___ INFORMATION SUPPLIED ___

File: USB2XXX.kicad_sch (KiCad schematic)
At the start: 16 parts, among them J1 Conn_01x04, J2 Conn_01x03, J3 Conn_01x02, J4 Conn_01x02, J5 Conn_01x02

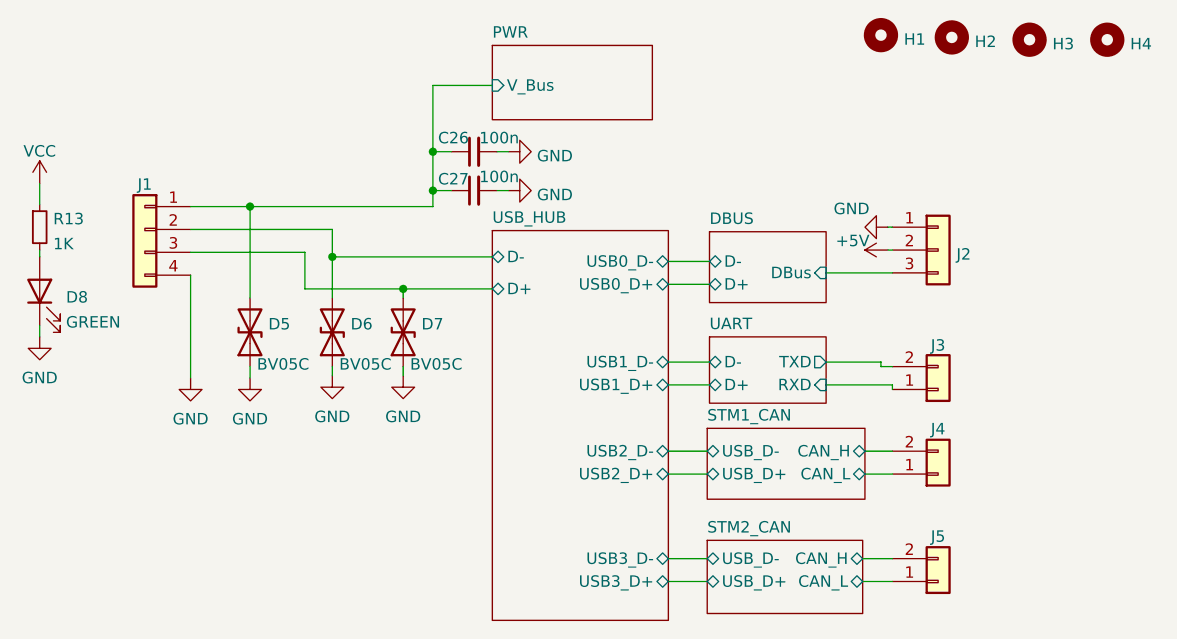
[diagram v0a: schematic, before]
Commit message: Change connectors back to GH1.25&Add ESD for UART and CAN
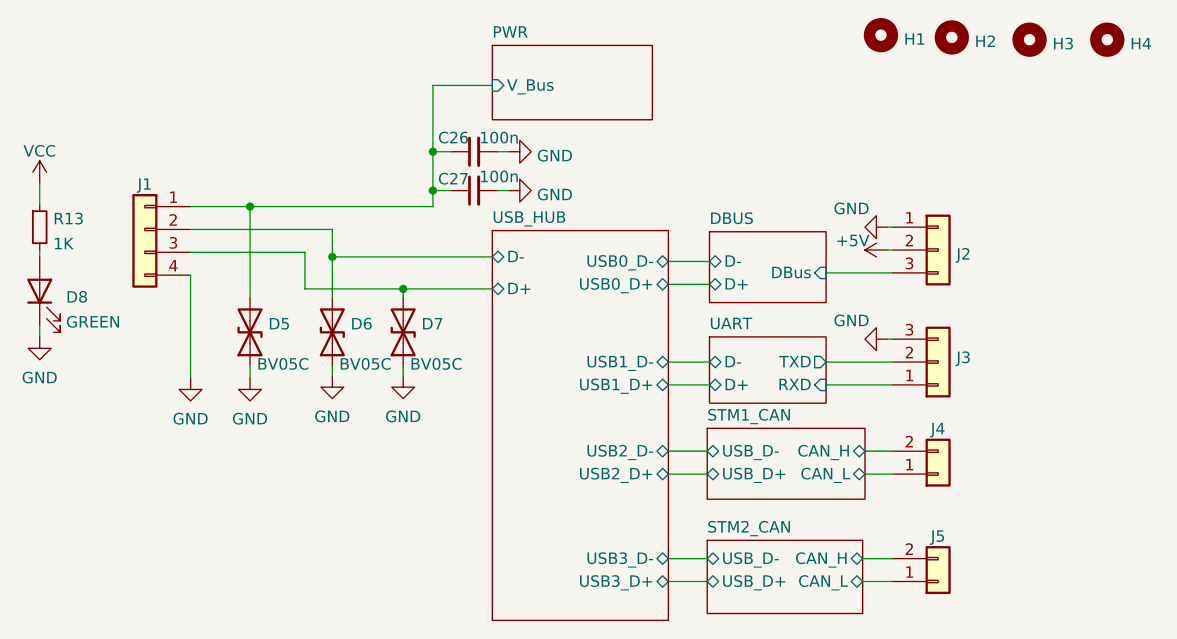
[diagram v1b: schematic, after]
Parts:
- removed J3: Conn_01x02, Connector:MountingHole_0.8mm_sm2.5_2pin, symbol Connector_Generic:Conn_01x02
- added J3: Conn_01x03, Connector_JST:JST_GH_SM03B-GHS-TB_1x03-1MP_P1.25mm_Horizontal, symbol Connector_Generic:Conn_01x03
- J4, J5: footprint Connector:MountingHole_0.8mm_sm2.5_2pin -> Connector_JST:JST_GH_SM02B-GHS-TB_1x02-1MP_P1.25mm_Horizontal
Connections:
- net GND: now also J3.3 (Pin_3)
- net UART/RXD: now also J3.1 (Pin_1)
- net UART/TXD: now also J3.2 (Pin_2)
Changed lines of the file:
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@@
     (stroke (width 0) (type default))
   )
-  (wire (pts (xy 167.64 100.33) (xy 166.37 100.33))
-    (stroke (width 0) (type default))
-  )
-  (wire (pts (xy 166.37 99.822) (xy 160.274 99.822))
+  (wire (pts (xy 160.274 99.822) (xy 167.64 99.822))
     (stroke (width 0) (type default))
   )
@@
     (stroke (width 0) (type default))
   )
+  (wire (pts (xy 167.132 97.282) (xy 167.64 97.282))
+    (stroke (width 0) (type default))
+  )
   (wire (pts (xy 116.586 69.088) (xy 116.586 76.454))
     (stroke (width 0) (type default))
@@
   )
   (wire (pts (xy 72.898 87.376) (xy 72.898 88.138))
-    (stroke (width 0) (type default))
-  )
-  (wire (pts (xy 167.64 102.87) (xy 167.64 102.362))
-    (stroke (width 0) (type default))
-  )
-  (wire (pts (xy 166.37 100.33) (xy 166.37 99.822))
     (stroke (width 0) (type default))
   )
@@
     )
   )
-  (symbol (lib_id "Connector_Generic:Conn_01x02") (at 172.72 102.87 0) (mirror x) (unit 1)
+  (symbol (lib_id "power:GND") (at 167.132 97.282 270) (unit 1)
     (in_bom yes) (on_board yes) (dnp no)
-    (property "Reference" "J3" (at 172.72 97.9711 0)
-      (effects (font (size 1.27 1.27)))
-    )
-    (property "Value" "Conn_01x02" (at 174.752 101.0034 0)
+    (property "Reference" "#PWR087" (at 160.782 97.282 0)
+      (effects (font (size 1.27 1.27)) hide)
+    )
+    (property "Value" "GND" (at 165.1 95.25 90)
+      (effects (font (size 1.27 1.27)) (justify right))
+    )
+    (property "Footprint" "" (at 167.132 97.282 0)
+      (effects (font (size 1.27 1.27)) hide)
+    )
+    (property "Datasheet" "" (at 167.132 97.282 0)
+      (effects (font (size 1.27 1.27)) hide)
+    )
+    (pin "1")
+    (instances
+      (project "USB2XXX"
+        (path "/e63e39d7-6ac0-4ffd-8aa3-1841a4541b55"
+          (reference "#PWR087") (unit 1)
+        )
+      )
+    )
+  )
+  (symbol (lib_id "Connector_Generic:Conn_01x03") (at 172.72 99.822 0) (mirror x) (unit 1)
+    (in_bom yes) (on_board yes) (dnp no)
+    (property "Reference" "J3" (at 174.752 99.343 0)
+      (effects (font (size 1.27 1.27)) (justify left))
+    )
+    (property "Value" "Conn_01x03" (at 174.752 97.9554 0)
       (effects (font (size 1.27 1.27)) (justify left) hide)
     )
-    (property "Footprint" "Connector:MountingHole_0.8mm_sm2.5_2pin" (at 172.72 102.87 0)
-      (effects (font (size 1.27 1.27)) hide)
-    )
-    (property "Datasheet" "~" (at 172.72 102.87 0)
-      (effects (font (size 1.27 1.27)) hide)
-    )
-    (pin "1")
-    (pin "2")
+    (property "Footprint" "Connector_JST:JST_GH_SM03B-GHS-TB_1x03-1MP_P1.25mm_Horizontal" (at 172.72 99.822 0)
+      (effects (font (size 1.27 1.27)) hide)
+    )
+    (property "Datasheet" "~" (at 172.72 99.822 0)
+      (effects (font (size 1.27 1.27)) hide)
+    )
+    (pin "1")
+    (pin "2")
+    (pin "3")
     (instances
       (project "USB2XXX"
@@
       (effects (font (size 1.27 1.27)) (justify left) hide)
     )
-    (property "Footprint" "Connector:MountingHole_0.8mm_sm2.5_2pin" (at 172.72 124.206 0)
+    (property "Footprint" "Connector_JST:JST_GH_SM02B-GHS-TB_1x02-1MP_P1.25mm_Horizontal" (at 172.72 124.206 0)
       (effects (font (size 1.27 1.27)) hide)
     )
@@
       (effects (font (size 1.27 1.27)) (justify left) hide)
     )
-    (property "Footprint" "Connector:MountingHole_0.8mm_sm2.5_2pin" (at 172.72 112.268 0)
-      (effects (font (size 1.27 1.27)) hide)
-    )
+    (property "Footprint" "Connector_JST:JST_GH_SM02B-GHS-TB_1x02-1MP_P1.25mm_Horizontal" (at 172.72 112.268 0)
+      (effects (font (size 1.27 1.27)) hide)
+    )

___

Give back the data exactly. Skip any images.

ANSWER
File: USB2XXX.kicad_sch (KiCad schematic)
At the start: 16 parts, among them J1 Conn_01x04, J2 Conn_01x03, J3 Conn_01x02, J4 Conn_01x02, J5 Conn_01x02

[diagram v0a: schematic, before]
Commit message: Change connectors back to GH1.25&Add ESD for UART and CAN
[diagram v1b: schematic, after]
Parts:
- removed J3: Conn_01x02, Connector:MountingHole_0.8mm_sm2.5_2pin, symbol Connector_Generic:Conn_01x02
- added J3: Conn_01x03, Connector_JST:JST_GH_SM03B-GHS-TB_1x03-1MP_P1.25mm_Horizontal, symbol Connector_Generic:Conn_01x03
- J4, J5: footprint Connector:MountingHole_0.8mm_sm2.5_2pin -> Connector_JST:JST_GH_SM02B-GHS-TB_1x02-1MP_P1.25mm_Horizontal
Connections:
- net GND: now also J3.3 (Pin_3)
- net UART/RXD: now also J3.1 (Pin_1)
- net UART/TXD: now also J3.2 (Pin_2)
Changed lines of the file:
@@
     (stroke (width 0) (type default))
   )
-  (wire (pts (xy 167.64 100.33) (xy 166.37 100.33))
-    (stroke (width 0) (type default))
-  )
-  (wire (pts (xy 166.37 99.822) (xy 160.274 99.822))
+  (wire (pts (xy 160.274 99.822) (xy 167.64 99.822))
     (stroke (width 0) (type default))
   )
@@
     (stroke (width 0) (type default))
   )
+  (wire (pts (xy 167.132 97.282) (xy 167.64 97.282))
+    (stroke (width 0) (type default))
+  )
   (wire (pts (xy 116.586 69.088) (xy 116.586 76.454))
     (stroke (width 0) (type default))
@@
   )
   (wire (pts (xy 72.898 87.376) (xy 72.898 88.138))
-    (stroke (width 0) (type default))
-  )
-  (wire (pts (xy 167.64 102.87) (xy 167.64 102.362))
-    (stroke (width 0) (type default))
-  )
-  (wire (pts (xy 166.37 100.33) (xy 166.37 99.822))
     (stroke (width 0) (type default))
   )
@@
     )
   )
-  (symbol (lib_id "Connector_Generic:Conn_01x02") (at 172.72 102.87 0) (mirror x) (unit 1)
+  (symbol (lib_id "power:GND") (at 167.132 97.282 270) (unit 1)
     (in_bom yes) (on_board yes) (dnp no)
-    (property "Reference" "J3" (at 172.72 97.9711 0)
-      (effects (font (size 1.27 1.27)))
-    )
-    (property "Value" "Conn_01x02" (at 174.752 101.0034 0)
+    (property "Reference" "#PWR087" (at 160.782 97.282 0)
+      (effects (font (size 1.27 1.27)) hide)
+    )
+    (property "Value" "GND" (at 165.1 95.25 90)
+      (effects (font (size 1.27 1.27)) (justify right))
+    )
+    (property "Footprint" "" (at 167.132 97.282 0)
+      (effects (font (size 1.27 1.27)) hide)
+    )
+    (property "Datasheet" "" (at 167.132 97.282 0)
+      (effects (font (size 1.27 1.27)) hide)
+    )
+    (pin "1")
+    (instances
+      (project "USB2XXX"
+        (path "/e63e39d7-6ac0-4ffd-8aa3-1841a4541b55"
+          (reference "#PWR087") (unit 1)
+        )
+      )
+    )
+  )
+  (symbol (lib_id "Connector_Generic:Conn_01x03") (at 172.72 99.822 0) (mirror x) (unit 1)
+    (in_bom yes) (on_board yes) (dnp no)
+    (property "Reference" "J3" (at 174.752 99.343 0)
+      (effects (font (size 1.27 1.27)) (justify left))
+    )
+    (property "Value" "Conn_01x03" (at 174.752 97.9554 0)
       (effects (font (size 1.27 1.27)) (justify left) hide)
     )
-    (property "Footprint" "Connector:MountingHole_0.8mm_sm2.5_2pin" (at 172.72 102.87 0)
-      (effects (font (size 1.27 1.27)) hide)
-    )
-    (property "Datasheet" "~" (at 172.72 102.87 0)
-      (effects (font (size 1.27 1.27)) hide)
-    )
-    (pin "1")
-    (pin "2")
+    (property "Footprint" "Connector_JST:JST_GH_SM03B-GHS-TB_1x03-1MP_P1.25mm_Horizontal" (at 172.72 99.822 0)
+      (effects (font (size 1.27 1.27)) hide)
+    )
+    (property "Datasheet" "~" (at 172.72 99.822 0)
+      (effects (font (size 1.27 1.27)) hide)
+    )
+    (pin "1")
+    (pin "2")
+    (pin "3")
     (instances
       (project "USB2XXX"
@@
       (effects (font (size 1.27 1.27)) (justify left) hide)
     )
-    (property "Footprint" "Connector:MountingHole_0.8mm_sm2.5_2pin" (at 172.72 124.206 0)
+    (property "Footprint" "Connector_JST:JST_GH_SM02B-GHS-TB_1x02-1MP_P1.25mm_Horizontal" (at 172.72 124.206 0)
       (effects (font (size 1.27 1.27)) hide)
     )
@@
       (effects (font (size 1.27 1.27)) (justify left) hide)
     )
-    (property "Footprint" "Connector:MountingHole_0.8mm_sm2.5_2pin" (at 172.72 112.268 0)
-      (effects (font (size 1.27 1.27)) hide)
-    )
+    (property "Footprint" "Connector_JST:JST_GH_SM02B-GHS-TB_1x02-1MP_P1.25mm_Horizontal" (at 172.72 112.268 0)
+      (effects (font (size 1.27 1.27)) hide)
+    )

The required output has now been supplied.